**TASK INPUTS**.

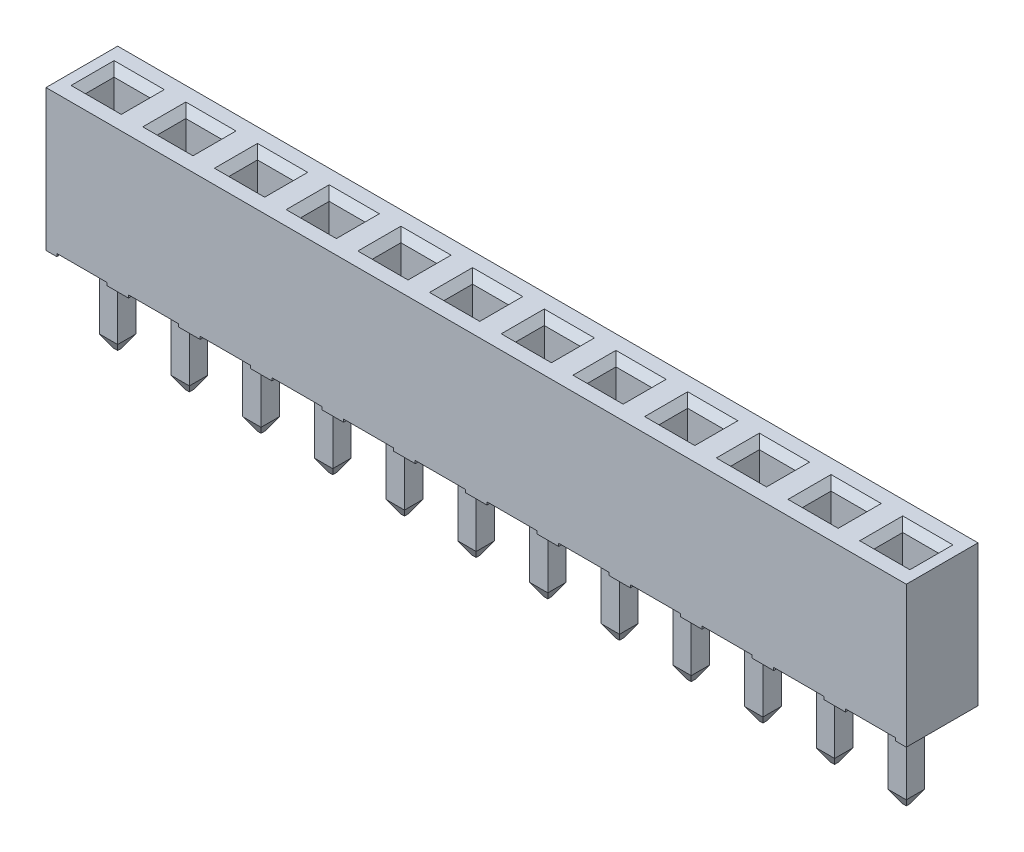
from build123d import *

# Parameters (mm, degrees)
SKETCH1_W                   = 2.54
SKETCH1_H                   = 2.54
BOSS_EXTRUDE1_DEPTH         = 4.9
SKETCH2_W                   = 1.27
SKETCH2_H                   = 1.016
CUT_EXTRUDE1_DEPTH          = 3.63
CHAMFER1_SIZE               = 0.254
SKETCH3_W                   = 0.381
SKETCH3_H                   = 2.54
BOSS_EXTRUDE2_DEPTH         = 0.1
SKETCH4_W                   = 0.65
SKETCH4_H                   = 0.65
BOSS_EXTRUDE3_DEPTH         = 3.1
CHAMFER2_SIZE               = 0.254
CHAMFER2_SIZE2              = 0.439940905
LPATTERN1_COUNT             = 12
LPATTERN1_PITCH             = 2.54
CHAMFER1_OF_LPATTERN1_SIZE  = 0.254
CHAMFER2_OF_LPATTERN1_SIZE2 = 0.254
CHAMFER2_OF_LPATTERN1_SIZE  = 0.439940905


with BuildPart() as part:
    # Sketch1 → Boss-Extrude1 (new body)
    with BuildSketch(Plane(origin=(0, 0, 0), x_dir=(1, 0, 0), z_dir=(0, 1, 0))):
        Rectangle(SKETCH1_W, SKETCH1_H)
    boss_extrude1 = extrude(amount=BOSS_EXTRUDE1_DEPTH)

    # Sketch2 → Cut-Extrude1 (cut)
    with BuildSketch(Plane(origin=(0, 4.9, 0), x_dir=(1, 0, 0), z_dir=(0, 1, 0))):
        Rectangle(SKETCH2_W, SKETCH2_H)
    cut_extrude1 = extrude(amount=-CUT_EXTRUDE1_DEPTH, mode=Mode.SUBTRACT)

    # Chamfer1
    chamfer1_edges = [part.edges().sort_by_distance(p)[0] for p in [
        (-0.635, 4.9, 0),
        (0, 4.9, 0.508),
        (0.635, 4.9, 0),
        (0, 4.9, -0.508),
    ]]
    chamfer(chamfer1_edges, length=CHAMFER1_SIZE)

    # Sketch3 → Boss-Extrude2 (add)
    with BuildSketch(Plane.XZ):
        with Locations((-1.0795, 0)):
            Rectangle(SKETCH3_W, SKETCH3_H)
        with Locations((1.0795, 0)):
            Rectangle(SKETCH3_W, SKETCH3_H)
    boss_extrude2 = extrude(amount=BOSS_EXTRUDE2_DEPTH)

    # Sketch4 → Boss-Extrude3 (add)
    with BuildSketch(Plane.XZ):
        Rectangle(SKETCH4_W, SKETCH4_H)
    boss_extrude3 = extrude(amount=BOSS_EXTRUDE3_DEPTH)

    # Chamfer2
    chamfer2_edges = [part.edges().sort_by_distance(p)[0] for p in [
        (0, -3.1, 0.325),
        (0.325, -3.1, 0),
        (0, -3.1, -0.325),
        (-0.325, -3.1, 0),
    ]]
    chamfer2_side = [part.faces().sort_by_distance(p)[0] for p in [
        (0, -3.1, 0),
    ]]
    chamfer(chamfer2_edges, length=CHAMFER2_SIZE, length2=CHAMFER2_SIZE2, reference=chamfer2_side[0])

    # LPattern1: Boss-Extrude1, Cut-Extrude1, Boss-Extrude2, Boss-Extrude3 ×12
    with Locations(*[(-i * LPATTERN1_PITCH, 0, 0) for i in range(1, LPATTERN1_COUNT)]):
        add(boss_extrude1)
        add(cut_extrude1, mode=Mode.SUBTRACT)
        add(boss_extrude2)
        add(boss_extrude3)

    # Chamfer1 of LPattern1
    chamfer1_of_lpattern1_edges = [part.edges().sort_by_distance(p)[0] for p in [
        (-3.175, 4.9, 0),
        (-2.54, 4.9, 0.508),
        (-1.905, 4.9, 0),
        (-2.54, 4.9, -0.508),
        (-5.715, 4.9, 0),
        (-5.08, 4.9, 0.508),
        (-4.445, 4.9, 0),
        (-5.08, 4.9, -0.508),
        (-8.255, 4.9, 0),
        (-7.62, 4.9, 0.508),
        (-6.985, 4.9, 0),
        (-7.62, 4.9, -0.508),
        (-10.795, 4.9, 0),
        (-10.16, 4.9, 0.508),
        (-9.525, 4.9, 0),
        (-10.16, 4.9, -0.508),
        (-13.335, 4.9, 0),
        (-12.7, 4.9, 0.508),
        (-12.065, 4.9, 0),
        (-12.7, 4.9, -0.508),
        (-15.875, 4.9, 0),
        (-15.24, 4.9, 0.508),
        (-14.605, 4.9, 0),
        (-15.24, 4.9, -0.508),
        (-18.415, 4.9, 0),
        (-17.78, 4.9, 0.508),
        (-17.145, 4.9, 0),
        (-17.78, 4.9, -0.508),
        (-20.955, 4.9, 0),
        (-20.32, 4.9, 0.508),
        (-19.685, 4.9, 0),
        (-20.32, 4.9, -0.508),
        (-23.495, 4.9, 0),
        (-22.86, 4.9, 0.508),
        (-22.225, 4.9, 0),
        (-22.86, 4.9, -0.508),
        (-26.035, 4.9, 0),
        (-25.4, 4.9, 0.508),
        (-24.765, 4.9, 0),
        (-25.4, 4.9, -0.508),
        (-28.575, 4.9, 0),
        (-27.94, 4.9, 0.508),
        (-27.305, 4.9, 0),
        (-27.94, 4.9, -0.508),
    ]]
    chamfer(chamfer1_of_lpattern1_edges, length=CHAMFER1_OF_LPATTERN1_SIZE)

    # Chamfer2 of LPattern1
    chamfer2_of_lpattern1_edges = [part.edges().sort_by_distance(p)[0] for p in [
        (-2.54, -3.1, 0.325),
        (-2.215, -3.1, 0),
        (-2.54, -3.1, -0.325),
        (-2.865, -3.1, 0),
        (-5.08, -3.1, 0.325),
        (-4.755, -3.1, 0),
        (-5.08, -3.1, -0.325),
        (-5.405, -3.1, 0),
        (-7.62, -3.1, 0.325),
        (-7.295, -3.1, 0),
        (-7.62, -3.1, -0.325),
        (-7.945, -3.1, 0),
        (-10.16, -3.1, 0.325),
        (-9.835, -3.1, 0),
        (-10.16, -3.1, -0.325),
        (-10.485, -3.1, 0),
        (-12.7, -3.1, 0.325),
        (-12.375, -3.1, 0),
        (-12.7, -3.1, -0.325),
        (-13.025, -3.1, 0),
        (-15.24, -3.1, 0.325),
        (-14.915, -3.1, 0),
        (-15.24, -3.1, -0.325),
        (-15.565, -3.1, 0),
        (-17.78, -3.1, 0.325),
        (-17.455, -3.1, 0),
        (-17.78, -3.1, -0.325),
        (-18.105, -3.1, 0),
        (-20.32, -3.1, 0.325),
        (-19.995, -3.1, 0),
        (-20.32, -3.1, -0.325),
        (-20.645, -3.1, 0),
        (-22.86, -3.1, 0.325),
        (-22.535, -3.1, 0),
        (-22.86, -3.1, -0.325),
        (-23.185, -3.1, 0),
        (-25.4, -3.1, 0.325),
        (-25.075, -3.1, 0),
        (-25.4, -3.1, -0.325),
        (-25.725, -3.1, 0),
        (-27.94, -3.1, 0.325),
        (-27.615, -3.1, 0),
        (-27.94, -3.1, -0.325),
        (-28.265, -3.1, 0),
    ]]
    chamfer(chamfer2_of_lpattern1_edges, length=CHAMFER2_OF_LPATTERN1_SIZE, length2=CHAMFER2_OF_LPATTERN1_SIZE2)


solid = part.part

**YOUR INSTRUCTIONS**. Where the data contains an image, skip the image and copy everything else exactly as it appears.

**EXERCISE SOLUTION**.
from build123d import *

# Parameters (mm, degrees)
SKETCH1_W                   = 2.54
SKETCH1_H                   = 2.54
BOSS_EXTRUDE1_DEPTH         = 4.9
SKETCH2_W                   = 1.27
SKETCH2_H                   = 1.016
CUT_EXTRUDE1_DEPTH          = 3.63
CHAMFER1_SIZE               = 0.254
SKETCH3_W                   = 0.381
SKETCH3_H                   = 2.54
BOSS_EXTRUDE2_DEPTH         = 0.1
SKETCH4_W                   = 0.65
SKETCH4_H                   = 0.65
BOSS_EXTRUDE3_DEPTH         = 3.1
CHAMFER2_SIZE               = 0.254
CHAMFER2_SIZE2              = 0.439940905
LPATTERN1_COUNT             = 12
LPATTERN1_PITCH             = 2.54
CHAMFER1_OF_LPATTERN1_SIZE  = 0.254
CHAMFER2_OF_LPATTERN1_SIZE2 = 0.254
CHAMFER2_OF_LPATTERN1_SIZE  = 0.439940905


with BuildPart() as part:
    # Sketch1 → Boss-Extrude1 (new body)
    with BuildSketch(Plane(origin=(0, 0, 0), x_dir=(1, 0, 0), z_dir=(0, 1, 0))):
        Rectangle(SKETCH1_W, SKETCH1_H)
    boss_extrude1 = extrude(amount=BOSS_EXTRUDE1_DEPTH)

    # Sketch2 → Cut-Extrude1 (cut)
    with BuildSketch(Plane(origin=(0, 4.9, 0), x_dir=(1, 0, 0), z_dir=(0, 1, 0))):
        Rectangle(SKETCH2_W, SKETCH2_H)
    cut_extrude1 = extrude(amount=-CUT_EXTRUDE1_DEPTH, mode=Mode.SUBTRACT)

    # Chamfer1
    chamfer1_edges = [part.edges().sort_by_distance(p)[0] for p in [
        (-0.635, 4.9, 0),
        (0, 4.9, 0.508),
        (0.635, 4.9, 0),
        (0, 4.9, -0.508),
    ]]
    chamfer(chamfer1_edges, length=CHAMFER1_SIZE)

    # Sketch3 → Boss-Extrude2 (add)
    with BuildSketch(Plane.XZ):
        with Locations((-1.0795, 0)):
            Rectangle(SKETCH3_W, SKETCH3_H)
        with Locations((1.0795, 0)):
            Rectangle(SKETCH3_W, SKETCH3_H)
    boss_extrude2 = extrude(amount=BOSS_EXTRUDE2_DEPTH)

    # Sketch4 → Boss-Extrude3 (add)
    with BuildSketch(Plane.XZ):
        Rectangle(SKETCH4_W, SKETCH4_H)
    boss_extrude3 = extrude(amount=BOSS_EXTRUDE3_DEPTH)

    # Chamfer2
    chamfer2_edges = [part.edges().sort_by_distance(p)[0] for p in [
        (0, -3.1, 0.325),
        (0.325, -3.1, 0),
        (0, -3.1, -0.325),
        (-0.325, -3.1, 0),
    ]]
    chamfer2_side = [part.faces().sort_by_distance(p)[0] for p in [
        (0, -3.1, 0),
    ]]
    chamfer(chamfer2_edges, length=CHAMFER2_SIZE, length2=CHAMFER2_SIZE2, reference=chamfer2_side[0])

    # LPattern1: Boss-Extrude1, Cut-Extrude1, Boss-Extrude2, Boss-Extrude3 ×12
    with Locations(*[(-i * LPATTERN1_PITCH, 0, 0) for i in range(1, LPATTERN1_COUNT)]):
        add(boss_extrude1)
        add(cut_extrude1, mode=Mode.SUBTRACT)
        add(boss_extrude2)
        add(boss_extrude3)

    # Chamfer1 of LPattern1
    chamfer1_of_lpattern1_edges = [part.edges().sort_by_distance(p)[0] for p in [
        (-3.175, 4.9, 0),
        (-2.54, 4.9, 0.508),
        (-1.905, 4.9, 0),
        (-2.54, 4.9, -0.508),
        (-5.715, 4.9, 0),
        (-5.08, 4.9, 0.508),
        (-4.445, 4.9, 0),
        (-5.08, 4.9, -0.508),
        (-8.255, 4.9, 0),
        (-7.62, 4.9, 0.508),
        (-6.985, 4.9, 0),
        (-7.62, 4.9, -0.508),
        (-10.795, 4.9, 0),
        (-10.16, 4.9, 0.508),
        (-9.525, 4.9, 0),
        (-10.16, 4.9, -0.508),
        (-13.335, 4.9, 0),
        (-12.7, 4.9, 0.508),
        (-12.065, 4.9, 0),
        (-12.7, 4.9, -0.508),
        (-15.875, 4.9, 0),
        (-15.24, 4.9, 0.508),
        (-14.605, 4.9, 0),
        (-15.24, 4.9, -0.508),
        (-18.415, 4.9, 0),
        (-17.78, 4.9, 0.508),
        (-17.145, 4.9, 0),
        (-17.78, 4.9, -0.508),
        (-20.955, 4.9, 0),
        (-20.32, 4.9, 0.508),
        (-19.685, 4.9, 0),
        (-20.32, 4.9, -0.508),
        (-23.495, 4.9, 0),
        (-22.86, 4.9, 0.508),
        (-22.225, 4.9, 0),
        (-22.86, 4.9, -0.508),
        (-26.035, 4.9, 0),
        (-25.4, 4.9, 0.508),
        (-24.765, 4.9, 0),
        (-25.4, 4.9, -0.508),
        (-28.575, 4.9, 0),
        (-27.94, 4.9, 0.508),
        (-27.305, 4.9, 0),
        (-27.94, 4.9, -0.508),
    ]]
    chamfer(chamfer1_of_lpattern1_edges, length=CHAMFER1_OF_LPATTERN1_SIZE)

    # Chamfer2 of LPattern1
    chamfer2_of_lpattern1_edges = [part.edges().sort_by_distance(p)[0] for p in [
        (-2.54, -3.1, 0.325),
        (-2.215, -3.1, 0),
        (-2.54, -3.1, -0.325),
        (-2.865, -3.1, 0),
        (-5.08, -3.1, 0.325),
        (-4.755, -3.1, 0),
        (-5.08, -3.1, -0.325),
        (-5.405, -3.1, 0),
        (-7.62, -3.1, 0.325),
        (-7.295, -3.1, 0),
        (-7.62, -3.1, -0.325),
        (-7.945, -3.1, 0),
        (-10.16, -3.1, 0.325),
        (-9.835, -3.1, 0),
        (-10.16, -3.1, -0.325),
        (-10.485, -3.1, 0),
        (-12.7, -3.1, 0.325),
        (-12.375, -3.1, 0),
        (-12.7, -3.1, -0.325),
        (-13.025, -3.1, 0),
        (-15.24, -3.1, 0.325),
        (-14.915, -3.1, 0),
        (-15.24, -3.1, -0.325),
        (-15.565, -3.1, 0),
        (-17.78, -3.1, 0.325),
        (-17.455, -3.1, 0),
        (-17.78, -3.1, -0.325),
        (-18.105, -3.1, 0),
        (-20.32, -3.1, 0.325),
        (-19.995, -3.1, 0),
        (-20.32, -3.1, -0.325),
        (-20.645, -3.1, 0),
        (-22.86, -3.1, 0.325),
        (-22.535, -3.1, 0),
        (-22.86, -3.1, -0.325),
        (-23.185, -3.1, 0),
        (-25.4, -3.1, 0.325),
        (-25.075, -3.1, 0),
        (-25.4, -3.1, -0.325),
        (-25.725, -3.1, 0),
        (-27.94, -3.1, 0.325),
        (-27.615, -3.1, 0),
        (-27.94, -3.1, -0.325),
        (-28.265, -3.1, 0),
    ]]
    chamfer(chamfer2_of_lpattern1_edges, length=CHAMFER2_OF_LPATTERN1_SIZE, length2=CHAMFER2_OF_LPATTERN1_SIZE2)


solid = part.part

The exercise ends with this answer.